What the task asks: Collect every line of the records below that contains the word "linetype".

Input for this task:
◆ ◆ ◆

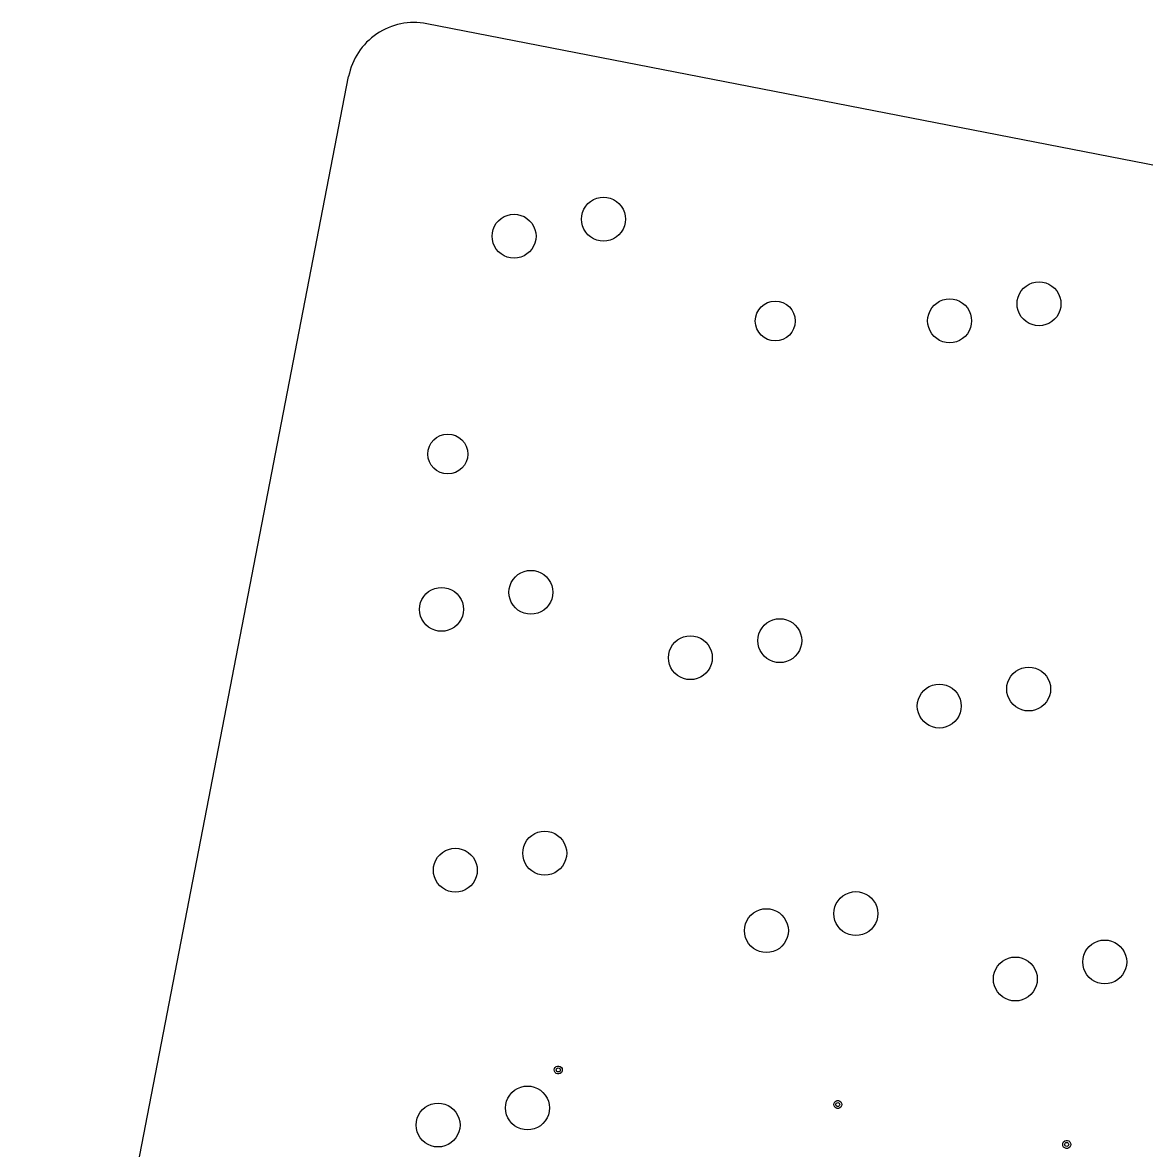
# Model space of a CAD drawing. Extents: x 101 to 518, y -308 to -134.
# Drawn here: x 101.6 to 186, y -227.5 to -142.8 of the extents above; entities that cross this region are included whole.
import ezdxf

# ---------------------------------------------------------------- set-up
doc = ezdxf.new("R2010")
doc.units = 0
doc.layers.add('BLACK', color=7, linetype='CONTINUOUS')

msp = doc.modelspace()

# ---------------------------------------------------------------- linework, layer by layer
at = {"layer": 'BLACK', "linetype": 'CONTINUOUS'}
for p, q in [((244.377337, -164.753061), (131.923203, -142.853183)), ((101.55841, -273.39485), (126.058534, -146.810875)), ((144.45502, -156.070474), (144.694226, -155.971392)), ((144.694226, -155.971392), (144.945987, -155.910949)), ((144.945987, -155.910949), (145.204104, -155.890635)), ((145.204104, -155.890635), (145.462221, -155.910949)), ((145.462221, -155.910949), (145.713982, -155.971392)), ((145.713982, -155.971392), (145.953188, -156.070474)), ((143.634861, -157.030757), (143.733943, -156.791551)), ((143.733943, -156.791551), (143.869226, -156.570789)), ((143.869226, -156.570789), (144.037378, -156.373909)), ((144.037378, -156.373909), (144.234258, -156.205757)), ((144.234258, -156.205757), (144.45502, -156.070474)), ((145.953188, -156.070474), (146.17395, -156.205757)), ((146.17395, -156.205757), (146.37083, -156.373909)), ((146.37083, -156.373909), (146.538982, -156.570789)), ((146.538982, -156.570789), (146.674265, -156.791551)), ((146.674265, -156.791551), (146.773347, -157.030757)), ((137.151238, -157.852485), (137.31939, -157.655605)), ((137.31939, -157.655605), (137.51627, -157.487453)), ((137.51627, -157.487453), (137.737032, -157.35217)), ((137.737032, -157.35217), (137.976238, -157.253088)), ((137.976238, -157.253088), (138.227999, -157.192645)), ((138.227999, -157.192645), (138.486116, -157.172331)), ((138.486116, -157.172331), (138.744233, -157.192645)), ((138.744233, -157.192645), (138.995994, -157.253088)), ((138.995994, -157.253088), (139.2352, -157.35217)), ((139.2352, -157.35217), (139.455962, -157.487453)), ((139.455962, -157.487453), (139.652842, -157.655605)), ((139.652842, -157.655605), (139.820994, -157.852485)), ((143.554104, -157.540635), (143.574418, -157.282518)), ((143.574418, -157.798752), (143.554104, -157.540635)), ((143.574418, -157.282518), (143.634861, -157.030757)), ((146.773347, -157.030757), (146.83379, -157.282518)), ((146.83379, -157.282518), (146.854104, -157.540635)), ((146.854104, -157.540635), (146.83379, -157.798752)), ((136.85643, -158.564214), (136.916873, -158.312453)), ((136.916873, -158.312453), (137.015955, -158.073247)), ((137.015955, -158.073247), (137.151238, -157.852485)), ((139.820994, -157.852485), (139.956277, -158.073247)), ((139.956277, -158.073247), (140.055359, -158.312453)), ((140.055359, -158.312453), (140.115802, -158.564214)), ((143.634861, -158.050513), (143.574418, -157.798752)), ((143.733943, -158.289719), (143.634861, -158.050513)), ((143.869226, -158.510481), (143.733943, -158.289719)), ((144.037378, -158.707361), (143.869226, -158.510481)), ((146.538982, -158.510481), (146.37083, -158.707361)), ((146.674265, -158.289719), (146.538982, -158.510481)), ((146.773347, -158.050513), (146.674265, -158.289719)), ((146.83379, -157.798752), (146.773347, -158.050513)), ((136.836116, -158.822331), (136.85643, -158.564214)), ((136.85643, -159.080448), (136.836116, -158.822331)), ((136.916873, -159.332209), (136.85643, -159.080448)), ((137.015955, -159.571415), (136.916873, -159.332209)), ((140.055359, -159.332209), (139.956277, -159.571415)), ((140.115802, -159.080448), (140.055359, -159.332209)), ((140.115802, -158.564214), (140.136116, -158.822331)), ((140.136116, -158.822331), (140.115802, -159.080448)), ((144.234258, -158.875513), (144.037378, -158.707361)), ((144.45502, -159.010796), (144.234258, -158.875513)), ((144.694226, -159.109878), (144.45502, -159.010796)), ((144.945987, -159.170321), (144.694226, -159.109878)), ((145.204104, -159.190635), (144.945987, -159.170321)), ((145.462221, -159.170321), (145.204104, -159.190635)), ((145.713982, -159.109878), (145.462221, -159.170321)), ((145.953188, -159.010796), (145.713982, -159.109878)), ((146.17395, -158.875513), (145.953188, -159.010796)), ((146.37083, -158.707361), (146.17395, -158.875513)), ((137.151238, -159.792177), (137.015955, -159.571415)), ((137.31939, -159.989057), (137.151238, -159.792177)), ((137.51627, -160.157209), (137.31939, -159.989057)), ((137.737032, -160.292492), (137.51627, -160.157209)), ((139.455962, -160.157209), (139.2352, -160.292492)), ((139.652842, -159.989057), (139.455962, -160.157209)), ((139.820994, -159.792177), (139.652842, -159.989057)), ((139.956277, -159.571415), (139.820994, -159.792177)), ((137.976238, -160.391574), (137.737032, -160.292492)), ((138.227999, -160.452017), (137.976238, -160.391574)), ((138.486116, -160.472331), (138.227999, -160.452017)), ((138.744233, -160.452017), (138.486116, -160.472331)), ((138.995994, -160.391574), (138.744233, -160.452017)), ((139.2352, -160.292492), (138.995994, -160.391574)), ((176.594222, -162.931884), (176.762374, -162.735004)), ((176.762374, -162.735004), (176.959254, -162.566852)), ((176.959254, -162.566852), (177.180016, -162.431569)), ((177.180016, -162.431569), (177.419222, -162.332487)), ((177.419222, -162.332487), (177.670983, -162.272044)), ((177.670983, -162.272044), (177.9291, -162.25173)), ((177.9291, -162.25173), (178.187217, -162.272044)), ((178.187217, -162.272044), (178.438978, -162.332487)), ((178.438978, -162.332487), (178.678184, -162.431569)), ((178.678184, -162.431569), (178.898946, -162.566852)), ((178.898946, -162.566852), (179.095826, -162.735004)), ((179.095826, -162.735004), (179.263978, -162.931884)), ((170.462028, -163.713265), (170.701234, -163.614183)), ((170.701234, -163.614183), (170.952995, -163.55374)), ((170.952995, -163.55374), (171.211112, -163.533426)), ((171.211112, -163.533426), (171.469229, -163.55374)), ((171.469229, -163.55374), (171.72099, -163.614183)), ((171.72099, -163.614183), (171.960196, -163.713265)), ((176.299414, -163.643613), (176.359857, -163.391852)), ((176.359857, -163.391852), (176.458939, -163.152646)), ((176.458939, -163.152646), (176.594222, -162.931884)), ((179.263978, -162.931884), (179.399261, -163.152646)), ((179.399261, -163.152646), (179.498343, -163.391852)), ((179.498343, -163.391852), (179.558786, -163.643613)), ((169.641869, -164.673548), (169.740951, -164.434342)), ((169.740951, -164.434342), (169.876234, -164.21358)), ((169.876234, -164.21358), (170.044386, -164.0167)), ((170.044386, -164.0167), (170.241266, -163.848548)), ((170.241266, -163.848548), (170.462028, -163.713265)), ((171.960196, -163.713265), (172.180958, -163.848548)), ((172.180958, -163.848548), (172.377838, -164.0167)), ((172.377838, -164.0167), (172.54599, -164.21358)), ((172.54599, -164.21358), (172.681273, -164.434342)), ((172.681273, -164.434342), (172.780355, -164.673548)), ((176.2791, -163.90173), (176.299414, -163.643613)), ((176.299414, -164.159847), (176.2791, -163.90173)), ((176.359857, -164.411608), (176.299414, -164.159847)), ((176.458939, -164.650814), (176.359857, -164.411608)), ((179.498343, -164.411608), (179.399261, -164.650814)), ((179.558786, -164.159847), (179.498343, -164.411608)), ((179.558786, -163.643613), (179.5791, -163.90173)), ((179.5791, -163.90173), (179.558786, -164.159847)), ((169.561112, -165.183426), (169.581426, -164.925309)), ((169.581426, -165.441543), (169.561112, -165.183426)), ((169.581426, -164.925309), (169.641869, -164.673548)), ((172.780355, -164.673548), (172.840798, -164.925309)), ((172.840798, -164.925309), (172.861112, -165.183426)), ((172.861112, -165.183426), (172.840798, -165.441543)), ((176.594222, -164.871576), (176.458939, -164.650814)), ((176.762374, -165.068456), (176.594222, -164.871576)), ((176.959254, -165.236608), (176.762374, -165.068456)), ((177.180016, -165.371891), (176.959254, -165.236608)), ((178.898946, -165.236608), (178.678184, -165.371891)), ((179.095826, -165.068456), (178.898946, -165.236608)), ((179.263978, -164.871576), (179.095826, -165.068456)), ((179.399261, -164.650814), (179.263978, -164.871576)), ((169.641869, -165.693304), (169.581426, -165.441543)), ((169.740951, -165.93251), (169.641869, -165.693304)), ((169.876234, -166.153272), (169.740951, -165.93251)), ((170.044386, -166.350152), (169.876234, -166.153272)), ((172.54599, -166.153272), (172.377838, -166.350152)), ((172.681273, -165.93251), (172.54599, -166.153272)), ((172.780355, -165.693304), (172.681273, -165.93251)), ((172.840798, -165.441543), (172.780355, -165.693304)), ((177.419222, -165.470973), (177.180016, -165.371891)), ((177.670983, -165.531416), (177.419222, -165.470973)), ((177.9291, -165.55173), (177.670983, -165.531416)), ((178.187217, -165.531416), (177.9291, -165.55173)), ((178.438978, -165.470973), (178.187217, -165.531416)), ((178.678184, -165.371891), (178.438978, -165.470973)), ((170.241266, -166.518304), (170.044386, -166.350152)), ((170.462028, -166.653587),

◆ ◆ ◆

Answer to this problem:
doc.layers.add('BLACK', color=7, linetype='CONTINUOUS')
at = {"layer": 'BLACK', "linetype": 'CONTINUOUS'}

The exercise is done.